In dem Bericht wird Schneider mit dem Direktorenposten bei der europäischen Weltraumagentur ESA in Verbindung gebracht. Mehrere Mitgliedsländer haben Schneider den Job offenbar angetragen, wie er gegenüber der Zeitung bestätigte. Eine Entscheidung wolle der Vize-Premier aber nicht treffen bevor seine Amtszeit offiziell beendet ist, sagte Schneider gegenüber Paperjam.

Februar ist Schluss

Am 4. Februar wird Schneider, bei einem Termin mit Großherzog Henri, seinen Rücktritt formal vollziehen. Der Großherzog muss den Rücktritt von Schneider annehmen. Der scheidende Vize-Premierminister knüpft seine Zusage für die Chefposition bei der ESA bereits an Reformen bei der Weltraumagentur. Die Agentur müsse «schneller und wettbewerbsfähiger» werden, sagte Schneider auf Nachfrage von Paperjam.

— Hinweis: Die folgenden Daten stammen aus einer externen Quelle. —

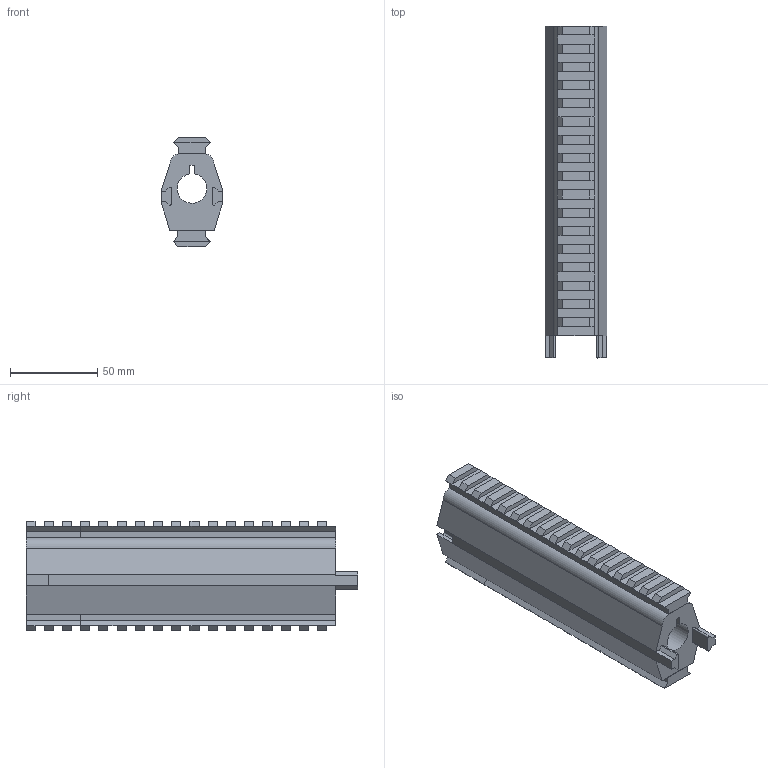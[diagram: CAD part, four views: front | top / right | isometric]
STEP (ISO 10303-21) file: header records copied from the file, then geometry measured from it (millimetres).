
FILE_DESCRIPTION(/* description */ (''),/* implementation_level */ '2;1');
FILE_NAME(/* name */ 'HRR PRA - 16in 7in Extension v4.step',/* time_stamp */ '2020-03-16T00:14:13-04:00',/* author */ (''),/* organization */ (''),/* preprocessor_version */ 'ST-DEVELOPER v18',/* originating_system */ 'Autodesk Translation Framework v8.12.0.6',/* authorisation */ '');
FILE_SCHEMA (('AUTOMOTIVE_DESIGN { 1 0 10303 214 3 1 1 }'));
Length unit declared in the file: millimetre
Products named in the file (1): HRR PRA - 16in 7in Extension
Bounding box: 35.56 x 190.5 x 62.84 mm (x, y, z)
Volume: 242063.9 mm3; surface area: 62426.8 mm2
Topology: 5 solids, 5 shells, 278 faces, 737 edges, 469 vertices
Faces by surface type: plane 267, cylinder 11
Entity records: 8400 total; most frequent: CARTESIAN_POINT 1485, ORIENTED_EDGE 1474, DIRECTION 1317, EDGE_CURVE 737, LINE 715, VECTOR 715, VERTEX_POINT 469, AXIS2_PLACEMENT_3D 301

Eile ist in der Sache nicht geboten. Das Mandat des aktuellen ESA-Direktors Jan Wörner läuft noch bis zum Ende des Sommers 2021. Der 65-jährige Deutsche ist seit 2015 Direktor der ESA in Paris. Für Schneider könnte der Schritt nach Paris ein echter Traumjob sein. Schließlich war die Raumfahrt eines der wichtigsten Themen seiner zurückliegenden Amtszeit.